Veterinarians and animal-control and wildlife officers working in areas of low rabies enzooticity (infrequent-exposure group) do not require routine pre-exposure booster doses of RabAvert after completion of a full primary pre-exposure immunization scheme (Table 1).
Immunization should begin as soon as possible after exposure. A complete course of immunization consists of a total of 5 injections of 1 mL each: one injection on each of days 0, 3, 7, 14 and 28 in conjunction with the administration of HRIG on day 0. For children, see Pediatric Use section, above.
Begin with the administration of HRIG. Give 20 IU/kg body weight.
This formula is applicable to all age groups, including children. The recommended dosage of HRIG should not exceed 20 IU/kg body weight because it may otherwise interfere with active antibody production. Since vaccine-induced antibody appears within 1 week, HRIG is not indicated more than 7 days after initiating post-exposure immunization with RabAvert.

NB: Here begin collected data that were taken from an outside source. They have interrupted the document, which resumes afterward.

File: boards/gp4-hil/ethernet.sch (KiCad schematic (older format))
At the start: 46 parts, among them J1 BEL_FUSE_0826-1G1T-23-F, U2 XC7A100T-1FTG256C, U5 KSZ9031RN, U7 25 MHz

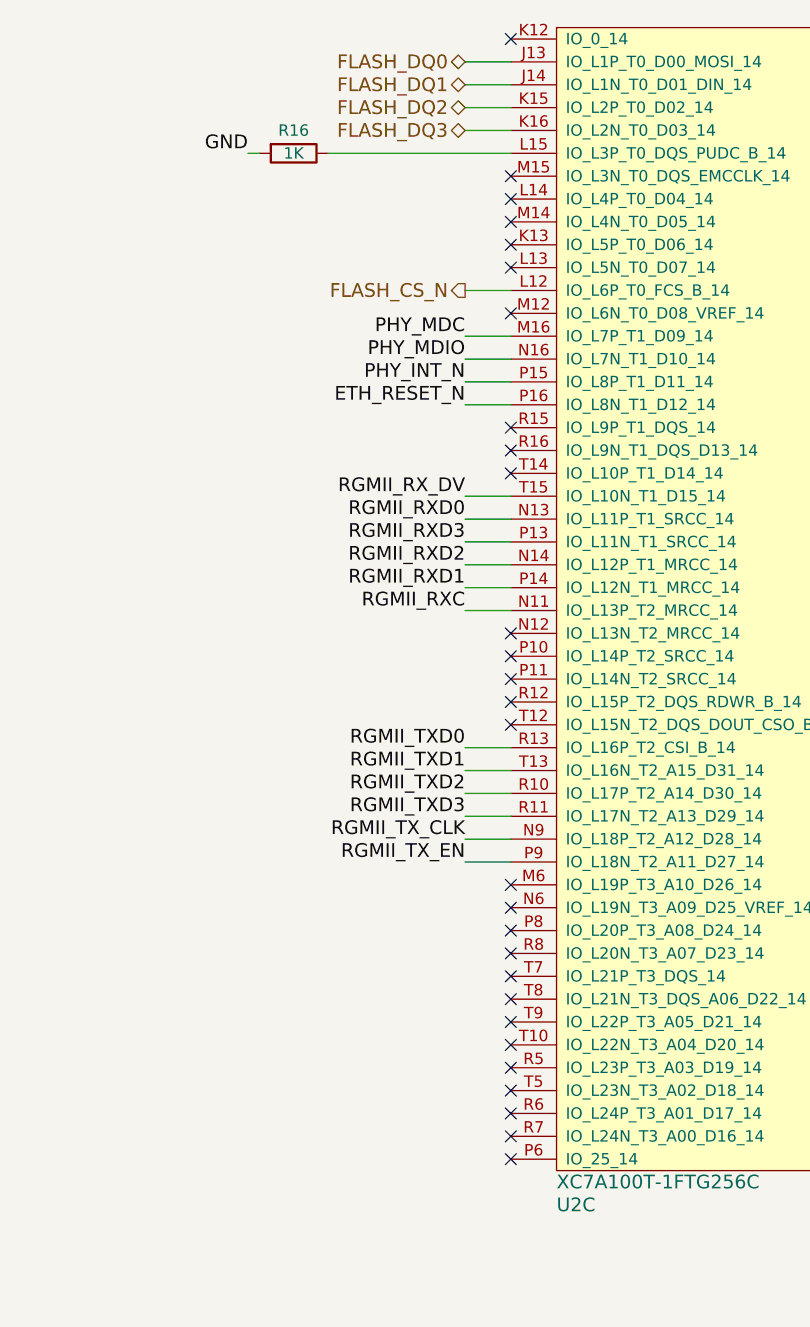
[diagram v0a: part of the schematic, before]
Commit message: Merged JTAG master stuff with Ethernet schematic page
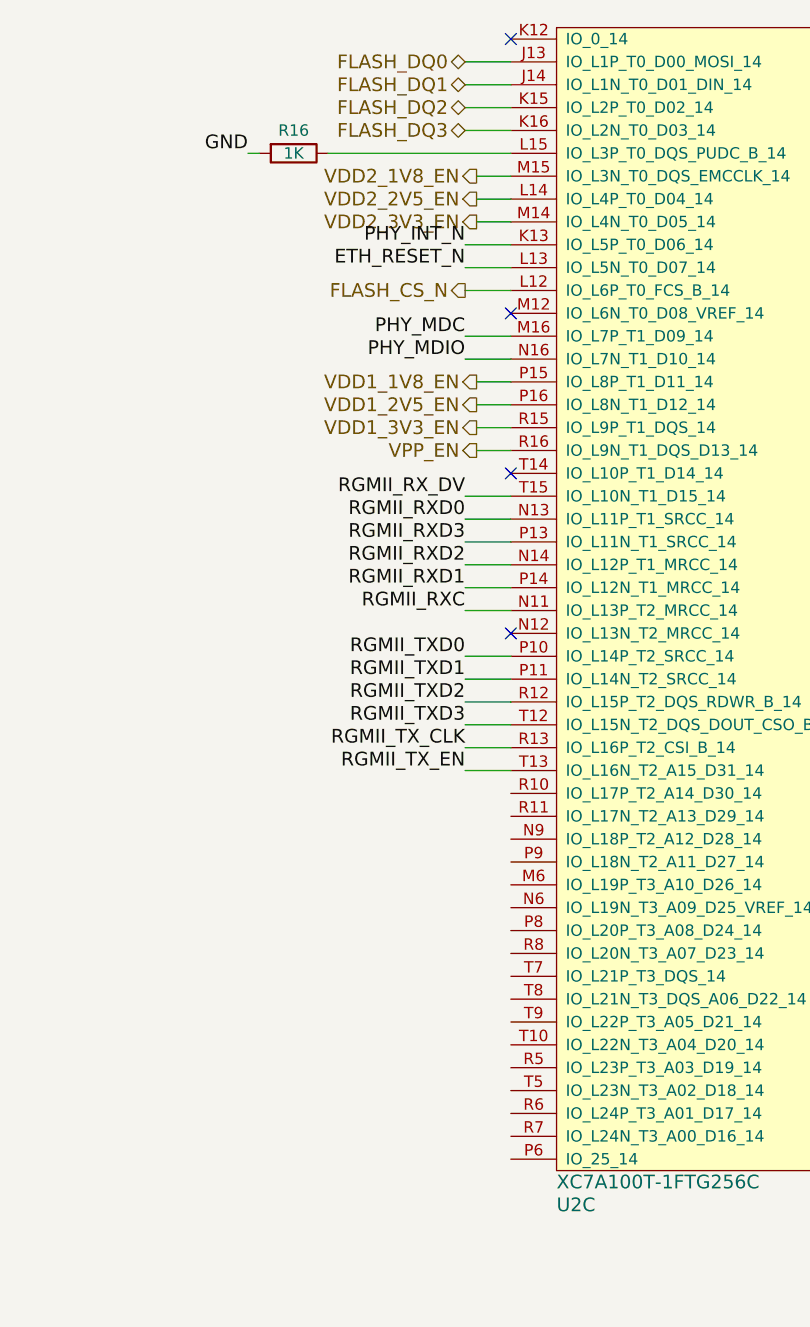
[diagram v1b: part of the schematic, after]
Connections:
- net ETH_RESET_N: now also U2.L13 (IO_L5N_T0_D07_14); no longer U2.P16 (IO_L8N_T1_D12_14)
- net PHY_INT_N: now also U2.K13 (IO_L5P_T0_D06_14); no longer U2.P15 (IO_L8P_T1_D11_14)
- net RGMII_TXD0: now also U2.P10 (IO_L14P_T2_SRCC_14); no longer U2.R13 (IO_L16P_T2_CSI_B_14)
- net RGMII_TXD1: now also U2.P11 (IO_L14N_T2_SRCC_14); no longer U2.T13 (IO_L16N_T2_A15_D31_14)
- net RGMII_TXD2: now also U2.R12 (IO_L15P_T2_DQS_RDWR_B_14); no longer U2.R10 (IO_L17P_T2_A14_D30_14)
- net RGMII_TXD3: now also U2.T12 (IO_L15N_T2_DQS_DOUT_CSO_B_14); no longer U2.R11 (IO_L17N_T2_A13_D29_14)
- net RGMII_TX_CLK: now also U2.R13 (IO_L16P_T2_CSI_B_14); no longer U2.N9 (IO_L18P_T2_A12_D28_14)
- net RGMII_TX_EN: now also U2.T13 (IO_L16N_T2_A15_D31_14); no longer U2.P9 (IO_L18N_T2_A11_D27_14)
- net VDD2_2V5_EN: now reaches U2.L14 (IO_L4P_T0_D04_14)
- net VDD2_3V3_EN: now reaches U2.M14 (IO_L4N_T0_D05_14)
- net VDD2_1V8_EN: now reaches U2.M15 (IO_L3N_T0_DQS_EMCCLK_14)
- net VDD1_3V3_EN: now reaches U2.R15 (IO_L9P_T1_DQS_14)
- net VPP_EN: now reaches U2.R16 (IO_L9N_T1_DQS_D13_14)
- new net VDD1_1V8_EN: U2.P15 (IO_L8P_T1_D11_14)
- new net VDD1_2V5_EN: U2.P16 (IO_L8N_T1_D12_14)
- no-connect marks 31 -> 7
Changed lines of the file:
@@
 $Descr A2 23386 16535
 encoding utf-8
-Sheet 3 8
+Sheet 3 7
 Title "GreenPak Hardware-In-Loop Test Platform"
 Date "2016-05-15"
 Rev "0.1"
 Comp "Andrew Zonenberg"
-Comment1 "Ethernet PHY"
+Comment1 "Ethernet PHY and JTAG masters"
 Comment2 ""
 Comment3 ""
@@
 GND
 Connection ~ 1150 5350
-$Comp
-L XC7AxT-xFTG256x U?
-U 3 1 57349080
-P 16400 9900
-AR Path="/57316B0C/57349080" Ref="U?"  Part="1"
-AR Path="/57316A40/57349080" Ref="U2"  Part="3"
-F 0 "U2" H 16400 9700 60  0000 L CNN
-F 1 "XC7A100T-1FTG256C" H 16400 9800 60  0000 L CNN
-F 2 "" H 16400 9900 60  0000 C CNN
-F 3 "" H 16400 9900 60  0000 C CNN
-	3    16400 9900
-	1    0    0    -1
-$EndComp
 Wire Wire Line
 	8850 8400 8850 8500
@@
 Text Label 16000 6400 2    60   ~ 0
 PHY_MDIO
-Text Label 16000 6500 2    60   ~ 0
+Text Label 16000 5900 2    60   ~ 0
 PHY_INT_N
+Text Label 16000 7700 2    60   ~ 0
+RGMII_TXD0
+Text Label 16000 7800 2    60   ~ 0
+RGMII_TXD1
+Text Label 16000 7900 2    60   ~ 0
+RGMII_TXD2
+Text Label 16000 8000 2    60   ~ 0
+RGMII_TXD3
 Text Label 16000 8100 2    60   ~ 0
-RGMII_TXD0
+RGMII_TX_CLK
 Text Label 16000 8200 2    60   ~ 0
-RGMII_TXD1
-Text Label 16000 8300 2    60   ~ 0
-RGMII_TXD2
-Text Label 16000 8400 2    60   ~ 0
-RGMII_TXD3
-Text Label 16000 8500 2    60   ~ 0
-RGMII_TX_CLK
-Text Label 16000 8600 2    60   ~ 0
 RGMII_TX_EN
-Text Label 16000 6600 2    60   ~ 0
+Text Label 16000 6000 2    60   ~ 0
 ETH_RESET_N
 Wire Wire Line
@@
 Wire Wire Line
 	16000 7000 16200 7000
-NoConn ~ 16200 7600
 Wire Wire Line
 	16000 7400 16200 7400
@@
 	16000 6400 16200 6400
 Wire Wire Line
-	16000 6500 16200 6500
-Wire Wire Line
-	16000 6600 16200 6600
-Wire Wire Line
-	16000 8100 16200 8100
-Wire Wire Line
-	16000 8600 16200 8600
-Wire Wire Line
-	16200 8500 16000 8500
-Wire Wire Line
-	16000 8400 16200 8400
-Wire Wire Line
-	16200 8300 16000 8300
+	16000 5900 16200 5900
+Wire Wire Line
+	16000 6000 16200 6000
+Wire Wire Line
+	16000 7700 16200 7700
 Wire Wire Line
 	16000 8200 16200 8200
-NoConn ~ 16200 5900
-NoConn ~ 16200 5800
-NoConn ~ 16200 5700
-NoConn ~ 16200 5600
-NoConn ~ 16200 6700
-NoConn ~ 16200 6800
+Wire Wire Line
+	16200 8100 16000 8100
+Wire Wire Line
+	16000 8000 16200 8000
+Wire Wire Line
+	16200 7900 16000 7900
+Wire Wire Line
+	16000 7800 16200 7800
 NoConn ~ 16200 6900
-NoConn ~ 16200 9400
-NoConn ~ 16200 9300
-NoConn ~ 16200 9200
-NoConn ~ 16200 9100
-NoConn ~ 16200 9000
-NoConn ~ 16200 8900
-NoConn ~ 16200 8800
-NoConn ~ 16200 8700
 Text Notes 12050 3650 0    60   ~ 0
 TODO: FPGA core clock
@@
 Wire Wire Line
 	16000 6100 16200 6100
-NoConn ~ 16200 6000
 NoConn ~ 16200 6200
-NoConn ~ 16200 8000
-NoConn ~ 16200 7900
-NoConn ~ 16200 7800
-NoConn ~ 16200 7700
-NoConn ~ 16200 9500
-NoConn ~ 16200 9600
-NoConn ~ 16200 9700
-NoConn ~ 16200 9800
-NoConn ~ 16200 9900
+Text HLabel 16050 6700 0    60   Output ~ 0
+VDD1_3V3_EN
+Text HLabel 16050 6600 0    60   Output ~ 0
+VDD1_2V5_EN
+Text HLabel 16050 6500 0    60   Output ~ 0
+VDD1_1V8_EN
+Text HLabel 16050 5800 0    60   Output ~ 0
+VDD2_3V3_EN
+Text HLabel 16050 5700 0    60   Output ~ 0
+VDD2_2V5_EN
+Text HLabel 16050 5600 0    60   Output ~ 0
+VDD2_1V8_EN
+Text HLabel 16050 6800 0    60   Output ~ 0
+VPP_EN
+Wire Wire Line
+	16200 5600 16050 5600
+Wire Wire Line
+	16050 5700 16200 5700
+Wire Wire Line
+	16200 5800 16050 5800
+Wire Wire Line
+	16050 6500 16200 6500
+Wire Wire Line
+	16200 6600 16050 6600
+Wire Wire Line
+	16050 6700 16200 6700
+Wire Wire Line
+	16200 6800 16050 6800
+NoConn ~ 16200 7600
+$Comp
+L XC7AxT-xFTG256x U?
+U 3 1 57349080
+P 16400 9900
+AR Path="/57316B0C/57349080" Ref="U?"  Part="1"
+AR Path="/57316A40/57349080" Ref="U2"  Part="3"
+F 0 "U2" H 16400 9700 60  0000 L CNN
+F 1 "XC7A100T-1FTG256C" H 16400 9800 60  0000 L CNN
+F 2 "" H 16400 9900 60  0000 C CNN
+F 3 "" H 16400 9900 60  0000 C CNN
+	3    16400 9900
+	1    0    0    -1
+$EndComp
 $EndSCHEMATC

If possible, up to one-half the dose of HRIG should be thoroughly infiltrated in the area around the wound and the rest should be administered IM, in a different site from the rabies vaccine, preferably in the gluteal area.
Because the antibody response following the recommended immunization regimen with RabAvert has been satisfactory, routine post-immunization serologic testing is not recommended. Serologic testing is indicated in unusual circumstances, as when the patient is known to be immunosuppressed. Contact state health department or CDC for recommendations.
When rabies exposure occurs in an immunized person who was vaccinated according to the recommended regimen with RabAvert or other tissue culture vaccines or who had previously demonstrated rabies antibody, that person should receive two IM doses (1.0 mL each) of RabAvert: one immediately and one 3 days later. HRIG should not be given in these cases. Persons should be considered to have been immunized previously if they received pre- or post-exposure prophylaxis with RabAvert or other tissue culture vaccines or have been documented to have had an adequate antibody response to duck embryo rabies vaccine. If the immune status of a previously vaccinated person is not known, full primary post-exposure antirabies treatment (HRIG plus 5 doses of vaccine) may be necessary. In such cases, if antibodies can be demonstrated in a serum sample collected before vaccine is given, treatment can be discontinued after at least two doses of vaccine.
1 vial of freeze-dried vaccine containing a single dose
1 disposable syringe
1 longer needle for reconstitution, 21 gauge × 1.5"
1 vial of sterile Water For Injection, USP (1 mL)
1 smaller needle for injection, 25 gauge × 1"
N.D.C.# 53905-501-01 CAUTION: Federal law prohibits dispensing without a prescription
RabAvert should be stored protected from light at 2°C to 8°C (36°F to 46°F). After reconstitution the vaccine is to be used immediately. The vaccine may not be used after the expiration date given on package and container.